Having worked the long hours of emergency medicine in Irish hospitals, Afghan decided to become a general practitioner so his wife could resume her training and he could help more at home.
However, he discovered it was extremely difficult for non-EU doctors to qualify for Ireland’s GP training programme, which allocates places through a preference system starting with Irish citizens, followed by Europeans.
He also applied through the NHS and was offered a position in Craigavon in Co Armagh. Afghan now drives 1½ hours twice a day to and from his home in Bettystown, Co Meath, which the couple bought in 2019, to his job in Northern Ireland. “The commute is long but it’s important for my career progression and once it’s completed I can work in Ireland as a GP.”
Abdullah has been working in the emergency department of Our Lady’s Hospital in Navan since September of last year and regularly cares for patients with Covid-19.
In November, both Abdullah and Afghan contracted the virus. “We got very sick and were checking our oxygen saturation all the time,” he says. “Our temperatures were reaching almost 40 degrees, we were praying that we didn’t deteriorate.”

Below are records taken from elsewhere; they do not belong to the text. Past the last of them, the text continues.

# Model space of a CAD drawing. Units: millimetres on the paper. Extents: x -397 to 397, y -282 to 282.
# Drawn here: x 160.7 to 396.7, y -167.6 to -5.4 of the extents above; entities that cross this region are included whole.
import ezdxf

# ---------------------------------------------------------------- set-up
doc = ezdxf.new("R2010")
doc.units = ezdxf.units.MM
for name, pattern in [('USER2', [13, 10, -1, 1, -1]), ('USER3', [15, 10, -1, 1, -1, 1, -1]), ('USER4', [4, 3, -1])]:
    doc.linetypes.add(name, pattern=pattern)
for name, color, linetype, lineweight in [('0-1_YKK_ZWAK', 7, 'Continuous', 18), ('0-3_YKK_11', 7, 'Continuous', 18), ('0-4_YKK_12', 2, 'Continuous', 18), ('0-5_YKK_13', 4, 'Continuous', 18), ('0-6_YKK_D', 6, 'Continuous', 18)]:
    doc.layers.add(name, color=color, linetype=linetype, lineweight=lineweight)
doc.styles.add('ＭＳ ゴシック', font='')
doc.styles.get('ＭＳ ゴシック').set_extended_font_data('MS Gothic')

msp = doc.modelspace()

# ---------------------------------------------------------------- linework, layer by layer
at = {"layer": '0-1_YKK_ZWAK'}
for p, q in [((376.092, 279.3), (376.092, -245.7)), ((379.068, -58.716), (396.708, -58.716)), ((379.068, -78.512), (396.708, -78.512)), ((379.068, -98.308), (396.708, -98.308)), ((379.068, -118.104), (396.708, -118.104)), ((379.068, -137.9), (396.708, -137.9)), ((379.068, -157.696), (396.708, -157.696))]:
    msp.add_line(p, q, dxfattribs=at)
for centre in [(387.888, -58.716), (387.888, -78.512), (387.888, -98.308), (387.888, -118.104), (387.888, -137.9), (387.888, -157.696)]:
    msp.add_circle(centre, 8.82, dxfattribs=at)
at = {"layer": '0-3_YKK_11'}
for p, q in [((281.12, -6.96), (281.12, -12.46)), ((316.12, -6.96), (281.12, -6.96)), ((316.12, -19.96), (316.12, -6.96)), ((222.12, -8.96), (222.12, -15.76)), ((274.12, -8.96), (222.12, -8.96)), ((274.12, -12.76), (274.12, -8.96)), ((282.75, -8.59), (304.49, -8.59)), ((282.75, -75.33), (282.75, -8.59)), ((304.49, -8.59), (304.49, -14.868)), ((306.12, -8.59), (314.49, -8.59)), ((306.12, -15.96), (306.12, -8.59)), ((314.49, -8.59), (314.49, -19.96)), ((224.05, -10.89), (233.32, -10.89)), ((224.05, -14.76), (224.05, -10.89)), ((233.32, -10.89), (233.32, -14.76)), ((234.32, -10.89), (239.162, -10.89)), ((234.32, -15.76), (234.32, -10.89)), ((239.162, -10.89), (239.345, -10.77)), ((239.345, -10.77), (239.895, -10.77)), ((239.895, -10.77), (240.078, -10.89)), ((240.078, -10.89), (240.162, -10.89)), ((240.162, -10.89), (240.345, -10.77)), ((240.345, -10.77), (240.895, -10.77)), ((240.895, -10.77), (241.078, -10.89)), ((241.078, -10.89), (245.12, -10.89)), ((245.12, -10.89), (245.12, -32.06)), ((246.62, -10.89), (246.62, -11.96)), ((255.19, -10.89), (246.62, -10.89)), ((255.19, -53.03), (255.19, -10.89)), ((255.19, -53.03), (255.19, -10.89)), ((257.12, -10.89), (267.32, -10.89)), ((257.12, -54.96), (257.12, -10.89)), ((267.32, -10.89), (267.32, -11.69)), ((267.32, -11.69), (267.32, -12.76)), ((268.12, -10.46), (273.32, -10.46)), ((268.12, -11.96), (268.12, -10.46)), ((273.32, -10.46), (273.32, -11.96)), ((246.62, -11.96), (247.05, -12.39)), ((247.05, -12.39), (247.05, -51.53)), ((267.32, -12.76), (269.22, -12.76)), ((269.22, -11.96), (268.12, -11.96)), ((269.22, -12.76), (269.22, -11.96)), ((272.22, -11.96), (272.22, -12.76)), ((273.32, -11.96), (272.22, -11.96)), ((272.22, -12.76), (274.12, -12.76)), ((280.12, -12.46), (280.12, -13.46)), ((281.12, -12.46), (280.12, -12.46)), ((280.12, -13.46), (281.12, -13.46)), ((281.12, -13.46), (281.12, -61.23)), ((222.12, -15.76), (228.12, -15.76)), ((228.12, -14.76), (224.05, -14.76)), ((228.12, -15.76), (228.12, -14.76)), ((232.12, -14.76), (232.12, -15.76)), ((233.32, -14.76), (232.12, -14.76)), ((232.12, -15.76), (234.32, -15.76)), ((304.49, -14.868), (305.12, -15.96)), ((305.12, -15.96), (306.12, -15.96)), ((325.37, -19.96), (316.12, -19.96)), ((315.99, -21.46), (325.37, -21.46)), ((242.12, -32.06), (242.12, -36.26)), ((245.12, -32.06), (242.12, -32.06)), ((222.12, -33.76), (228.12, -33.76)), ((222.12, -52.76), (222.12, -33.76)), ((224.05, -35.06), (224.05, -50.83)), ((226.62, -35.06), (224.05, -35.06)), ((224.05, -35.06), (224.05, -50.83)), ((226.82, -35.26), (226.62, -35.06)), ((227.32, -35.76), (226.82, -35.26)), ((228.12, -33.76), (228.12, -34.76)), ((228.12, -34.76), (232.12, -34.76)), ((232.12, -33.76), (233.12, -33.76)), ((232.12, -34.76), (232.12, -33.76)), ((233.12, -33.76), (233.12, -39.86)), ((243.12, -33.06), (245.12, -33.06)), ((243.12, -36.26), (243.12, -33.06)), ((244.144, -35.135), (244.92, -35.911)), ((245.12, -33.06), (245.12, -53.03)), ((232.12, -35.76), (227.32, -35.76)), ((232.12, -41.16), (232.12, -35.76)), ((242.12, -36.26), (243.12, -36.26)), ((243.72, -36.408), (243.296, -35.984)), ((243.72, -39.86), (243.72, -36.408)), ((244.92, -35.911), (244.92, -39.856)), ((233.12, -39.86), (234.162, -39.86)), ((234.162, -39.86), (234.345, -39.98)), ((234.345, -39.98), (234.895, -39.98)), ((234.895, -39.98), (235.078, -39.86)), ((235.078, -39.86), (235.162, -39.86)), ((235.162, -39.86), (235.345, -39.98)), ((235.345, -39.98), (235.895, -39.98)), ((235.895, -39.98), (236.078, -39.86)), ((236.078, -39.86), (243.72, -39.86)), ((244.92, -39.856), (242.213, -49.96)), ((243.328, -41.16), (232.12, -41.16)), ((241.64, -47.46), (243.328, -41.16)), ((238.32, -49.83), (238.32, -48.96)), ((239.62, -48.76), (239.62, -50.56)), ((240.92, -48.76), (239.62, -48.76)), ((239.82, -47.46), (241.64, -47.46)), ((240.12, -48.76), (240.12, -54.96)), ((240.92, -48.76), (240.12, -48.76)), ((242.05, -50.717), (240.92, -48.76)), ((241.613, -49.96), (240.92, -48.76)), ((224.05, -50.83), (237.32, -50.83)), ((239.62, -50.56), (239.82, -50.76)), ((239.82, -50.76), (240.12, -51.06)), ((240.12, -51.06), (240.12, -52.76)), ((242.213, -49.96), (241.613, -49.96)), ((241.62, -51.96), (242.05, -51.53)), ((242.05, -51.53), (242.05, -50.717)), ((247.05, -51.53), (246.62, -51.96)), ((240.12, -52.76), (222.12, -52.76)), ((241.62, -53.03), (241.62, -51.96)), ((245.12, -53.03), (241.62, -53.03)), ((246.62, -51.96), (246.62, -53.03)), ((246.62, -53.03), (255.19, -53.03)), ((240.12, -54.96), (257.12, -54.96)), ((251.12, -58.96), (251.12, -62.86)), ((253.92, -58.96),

“I kept thinking, ‘what will happen to the children if we both have to go to hospital’,” adds his wife. “We didn’t have any support around us. That was really hard.”
The couple have recently added their voices to the campaign calling for applications for Irish citizenships from migrant healthcare workers to be fast-tracked. Afghan, who applied in November 2019, says the wait has had a “major impact” on the family.
“After working here for almost seven years and responding to the Call for Ireland the only thing we are asking is for our naturalisation application to be processed swiftly. When we are ready to lay our lives on the line for this country, I believe urgent processing is not a big ask.”
The couple know Irish citizenship will help their children build a “bright future”. “I’m so happy my kids are in Ireland, they’re in a good country and living the best life a child could have,” says Abdullah. “They’re safe here.”